Rubrik.co.id – Kontingen Indonesia menutup kiprah di SEA Games 2025 Thailand dengan hasil gemilang setelah finis di peringkat kedua klasemen akhir perolehan medali.
Merah Putih memboyong total 333 medali, terdiri dari 91 emas, 112 perak, dan 130 perunggu, sebuah pencapaian yang menegaskan kebangkitan Indonesia di level Asia Tenggara.
Perolehan 91 medali emas tersebut menjadi sorotan utama karena tidak hanya melampaui target awal 80 emas, tetapi juga mencatatkan rekor penting bagi Indonesia saat berlaga di luar negeri.
Hasil ini mengantar Indonesia menorehkan salah satu performa tandang terbaik sepanjang sejarah keikutsertaan di SEA Games.
Secara statistik, raihan 91 emas di Thailand menjadi jumlah medali emas terbanyak ketiga yang pernah diraih Indonesia ketika tidak berstatus tuan rumah sejak pertama kali tampil di SEA Games 1977.
Catatan terbaik masih dipegang SEA Games Kuala Lumpur 1989 dengan 102 emas, disusul Manila 1991 yang menghasilkan 92 emas.
Prestasi di Thailand juga tercatat sebagai yang paling sukses dalam 32 tahun terakhir saat Indonesia tampil sebagai peserta tamu.
Torehan ini melampaui hasil SEA Games Singapura 1993, di mana Indonesia kala itu mengoleksi 88 emas.
Capaian impresif tersebut mendapat apresiasi dari pengamat olahraga Gatot S. Dewa Broto, yang menilai Indonesia mulai kembali ke jalur kejayaan di kancah olahraga Asia Tenggara.
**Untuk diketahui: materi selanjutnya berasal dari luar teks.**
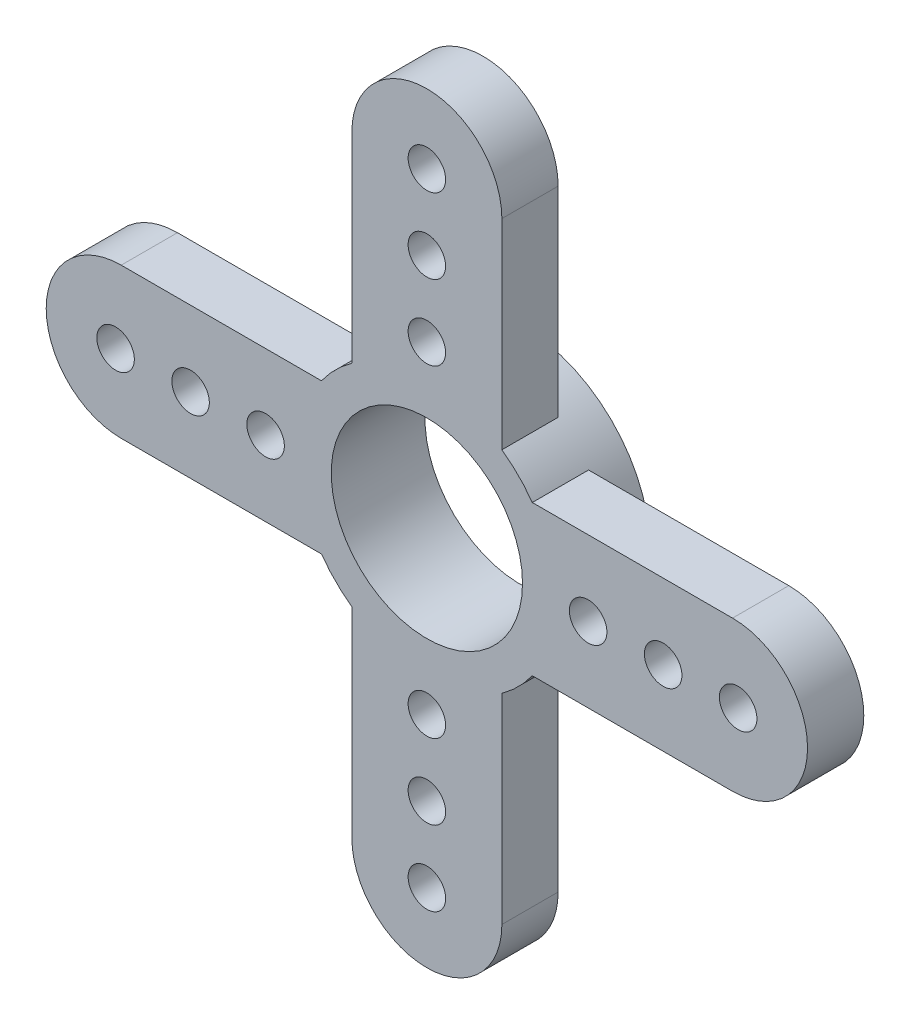
ISO-10303-21;
HEADER;
FILE_DESCRIPTION(('STEP AP214'),'2;1');
FILE_NAME('part.step','',(''),(''),'','','');
FILE_SCHEMA(('AUTOMOTIVE_DESIGN { 1 0 10303 214 1 1 1 1 }'));
ENDSEC;
DATA;
#1=APPLICATION_CONTEXT('core data for automotive mechanical design processes');
#2=APPLICATION_PROTOCOL_DEFINITION('international standard','automotive_design',2000,#1);
#3=PRODUCT_CONTEXT('',#1,'mechanical');
#4=PRODUCT('Part','Part','',(#3));
#5=PRODUCT_RELATED_PRODUCT_CATEGORY('part','',(#4));
#6=PRODUCT_DEFINITION_FORMATION('','',#4);
#7=PRODUCT_DEFINITION_CONTEXT('part definition',#1,'design');
#8=PRODUCT_DEFINITION('design','',#6,#7);
#9=PRODUCT_DEFINITION_SHAPE('','',#8);
#10=(LENGTH_UNIT() NAMED_UNIT(*) SI_UNIT(.MILLI.,.METRE.));
#11=(NAMED_UNIT(*) PLANE_ANGLE_UNIT() SI_UNIT($,.RADIAN.));
#12=(NAMED_UNIT(*) SI_UNIT($,.STERADIAN.) SOLID_ANGLE_UNIT());
#13=UNCERTAINTY_MEASURE_WITH_UNIT(LENGTH_MEASURE(1.E-05),#10,'distance_accuracy_value','');
#14=(GEOMETRIC_REPRESENTATION_CONTEXT(3) GLOBAL_UNCERTAINTY_ASSIGNED_CONTEXT((#13)) GLOBAL_UNIT_ASSIGNED_CONTEXT((#10,
#11,#12)) REPRESENTATION_CONTEXT('',''));
#15=CARTESIAN_POINT('',(0.,0.,0.));
#16=DIRECTION('',(0.,0.,1.));
#17=DIRECTION('',(1.,0.,0.));
#18=AXIS2_PLACEMENT_3D('',#15,#16,#17);
#19=CARTESIAN_POINT('',(0.,0.,0.));
#20=DIRECTION('',(0.,0.,1.));
#21=DIRECTION('',(1.,0.,0.));
#22=AXIS2_PLACEMENT_3D('',#19,#20,#21);
#23=PLANE('',#22);
#24=CARTESIAN_POINT('',(0.,4.3,0.));
#25=DIRECTION('',(0.,0.,1.));
#26=DIRECTION('',(1.,0.,0.));
#27=AXIS2_PLACEMENT_3D('',#24,#25,#26);
#28=CIRCLE('',#27,0.5);
#29=CARTESIAN_POINT('',(0.5,4.3,0.));
#30=VERTEX_POINT('',#29);
#31=EDGE_CURVE('E262',#30,#30,#28,.F.);
#32=ORIENTED_EDGE('',*,*,#31,.F.);
#33=EDGE_LOOP('',(#32));
#34=FACE_BOUND('',#33,.T.);
#35=CARTESIAN_POINT('',(0.,6.3,0.));
#36=DIRECTION('',(0.,0.,1.));
#37=DIRECTION('',(1.,0.,0.));
#38=AXIS2_PLACEMENT_3D('',#35,#36,#37);
#39=CIRCLE('',#38,0.5);
#40=CARTESIAN_POINT('',(0.5,6.3,0.));
#41=VERTEX_POINT('',#40);
#42=EDGE_CURVE('E259',#41,#41,#39,.F.);
#43=ORIENTED_EDGE('',*,*,#42,.F.);
#44=EDGE_LOOP('',(#43));
#45=FACE_BOUND('',#44,.T.);
#46=CARTESIAN_POINT('',(0.,8.3,0.));
#47=DIRECTION('',(0.,0.,1.));
#48=DIRECTION('',(1.,0.,0.));
#49=AXIS2_PLACEMENT_3D('',#46,#47,#48);
#50=CIRCLE('',#49,0.5);
#51=CARTESIAN_POINT('',(0.5,8.3,0.));
#52=VERTEX_POINT('',#51);
#53=EDGE_CURVE('E254',#52,#52,#50,.F.);
#54=ORIENTED_EDGE('',*,*,#53,.F.);
#55=EDGE_LOOP('',(#54));
#56=FACE_BOUND('',#55,.T.);
#57=DIRECTION('',(0.,1.,0.));
#58=VECTOR('',#57,1.);
#59=CARTESIAN_POINT('',(2.,-8.15,0.));
#60=LINE('',#59,#58);
#61=CARTESIAN_POINT('',(2.,2.81113855937412,0.));
#62=VERTEX_POINT('',#61);
#63=CARTESIAN_POINT('',(2.,8.15,0.));
#64=VERTEX_POINT('',#63);
#65=EDGE_CURVE('E169',#62,#64,#60,.T.);
#66=ORIENTED_EDGE('',*,*,#65,.F.);
#67=CARTESIAN_POINT('',(0.,0.,0.));
#68=DIRECTION('',(0.,0.,1.));
#69=DIRECTION('',(1.,0.,0.));
#70=AXIS2_PLACEMENT_3D('',#67,#68,#69);
#71=CIRCLE('',#70,3.45);
#72=CARTESIAN_POINT('',(-2.,2.81113855937412,0.));
#73=VERTEX_POINT('',#72);
#74=EDGE_CURVE('E11',#62,#73,#71,.T.);
#75=ORIENTED_EDGE('',*,*,#74,.T.);
#76=DIRECTION('',(0.,-1.,0.));
#77=VECTOR('',#76,1.);
#78=CARTESIAN_POINT('',(-2.,-8.15,0.));
#79=LINE('',#78,#77);
#80=CARTESIAN_POINT('',(-2.,8.15,0.));
#81=VERTEX_POINT('',#80);
#82=EDGE_CURVE('E179',#81,#73,#79,.T.);
#83=ORIENTED_EDGE('',*,*,#82,.F.);
#84=CARTESIAN_POINT('',(0.,8.15,0.));
#85=DIRECTION('',(0.,0.,1.));
#86=DIRECTION('',(1.,0.,0.));
#87=AXIS2_PLACEMENT_3D('',#84,#85,#86);
#88=CIRCLE('',#87,2.);
#89=EDGE_CURVE('E176',#64,#81,#88,.T.);
#90=ORIENTED_EDGE('',*,*,#89,.F.);
#91=EDGE_LOOP('',(#66,#75,#83,#90));
#92=FACE_BOUND('',#91,.T.);
#93=ADVANCED_FACE('F43',(#34,#45,#56,#92),#23,.F.);
#94=CARTESIAN_POINT('',(-8.3,0.,0.));
#95=DIRECTION('',(0.,0.,1.));
#96=DIRECTION('',(1.,0.,0.));
#97=AXIS2_PLACEMENT_3D('',#94,#95,#96);
#98=CIRCLE('',#97,0.5);
#99=CARTESIAN_POINT('',(-7.8,0.,0.));
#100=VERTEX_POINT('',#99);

“Tampil di SEA Games ketika bukan kita tuan rumahnya memang masih menjadi tantangan berat selama ini. Sejak SEA Games Singapura 1993, kita tidak pernah lagi berhasil membawa pulang lebih dari 88 emas. Di SEA Games Kamboja sebelumnya, kita hanya bisa mendekati saja dengan jumlah 87 emas. Jika selama ini kita hanya bisa bermimpi kapan kita akan kembali ke masa kejayaan di kancah olahraga Asia Tenggara, inilah saatnya. Kita sudah berhasil lepas dari mimpi buruk selama 32 tahun terakhir saat menjadi peserta tamu SEA Games,” ujar Gatot.
Lebih lanjut, Gatot berharap hasil di Thailand menjadi bahan bakar motivasi bagi para atlet nasional ketika kembali ke pemusatan latihan, khususnya dalam menatap Asian Games 2026 dan Olimpiade 2028.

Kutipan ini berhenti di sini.